Problemas antigos, esperanças renovadas e o futuro à espreita.  

MIL Lisboa 2022: medir o impossível, escutar o amanhã e multiplicar a paixão enquanto factor de mudança

Fotografia: Ana Viotti
Publicado a: 06/10/2022

Quando há um ano dezenas de profissionais do setor da música se encontraram na edição de 2021 do MIL, ainda vivíamos uma profunda incerteza quanto ao futuro da cultura e da música ao vivo. Entre o otimismo da vontade de algumas pessoas, e o pessimismo da razão de outras, toda a gente parecia concordar que o futuro não podia ser um mero regresso ao passado.

A dolorosa experiência da pandemia expôs as injustiças, desigualdades e fragilidades laborais do setor, a sua urgente reestruturação ambiental e a premência da aposta em políticas de igualdade, representatividade e inclusão. Passado um ano desse encontro, a pandemia parece ser um assunto do passado, ao contrário de muitos dos problemas estruturais do setor cultural e da música que continuaram a estar no centro dos debates desta edição, que ocorreu nos dias 28, 29 e 30 de setembro, entre o Hub Criativo do Beato e o Cais do Sodré. Talvez por isso, o programa convenção deste ano tenha sido particularmente focado na relação entre a música e as políticas públicas e culturais. Foi essa relação, aliás, que Andrew Ogun discutiu logo na abertura do encontro. 



[CONVENÇÃO: VELHOS PROBLEMAS, NOVOS DESAFIOS E A COOPERAÇÃO COMO FUTURO]

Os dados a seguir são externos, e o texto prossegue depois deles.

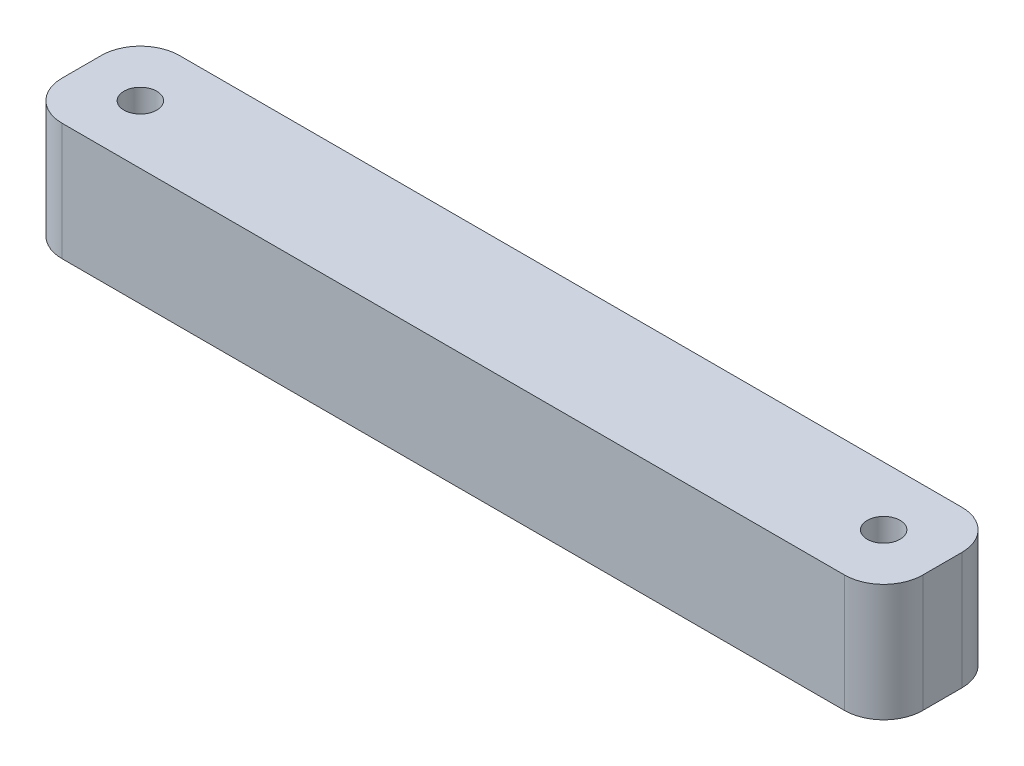
from build123d import *

# Parameters (mm, degrees)
SKETCH_1_W      = 110
SKETCH_1_H      = 15
SKETCH_1_R      = 2.1
EXTRUDE_1_DEPTH = 15
FILLET_1_R      = 5


with BuildPart() as part:
    # 草图1 → 凸台-拉伸1 (new body)
    with BuildSketch(Plane(origin=(0, 0, 0), x_dir=(1, 0, 0), z_dir=(0, 1, 0))):
        with Locations((55, 7.5)):
            Rectangle(SKETCH_1_W, SKETCH_1_H)
        with Locations(Location((7.5, 7.5, 0), (0, 0, 270))):
            Circle(SKETCH_1_R, mode=Mode.SUBTRACT)
        with Locations(Location((102.5, 7.5, 0), (0, 0, 270))):
            Circle(SKETCH_1_R, mode=Mode.SUBTRACT)
    extrude(amount=EXTRUDE_1_DEPTH)

    # 圆角1
    fillet_1_edges = [part.edges().sort_by_distance(p)[0] for p in [
        (0, 7.5, -15),
        (110, 7.5, -15),
        (110, 7.5, 0),
        (0, 7.5, 0),
    ]]
    fillet(fillet_1_edges, radius=FILLET_1_R)


solid = part.part

Para Andrew Ogun, a cultura não pode estar desenraizada dos grandes problemas do seu tempo, considerando fundamental que o pulsar das lutas sociais que se expressam através da cultura chegue ao campo das instituições e das políticas, com todos os dilemas que isso evidentemente coloca. “É preciso criar legados”, sustenta Ogun, para logo a seguir, recuperando Audre Lorde, nos perguntar: “Will we be able to dismantle the Master’s House using the Master’s Tools?”. É uma pergunta imprescindível a que Ogun oferece uma resposta tanto pragmática como estratégica. Para Ogun, é urgente que os artistas e agentes da cultura empenhados em processos de mudança conquistem cargos de decisão política e institucional. No entanto, essa conquista só terá relevância se compreendermos que o objetivo estratégico não é chegar à mesa dos poderosos, mas antes criar as condições para que as comunidades construam as suas próprias mesas de trabalho, poder e decisão. 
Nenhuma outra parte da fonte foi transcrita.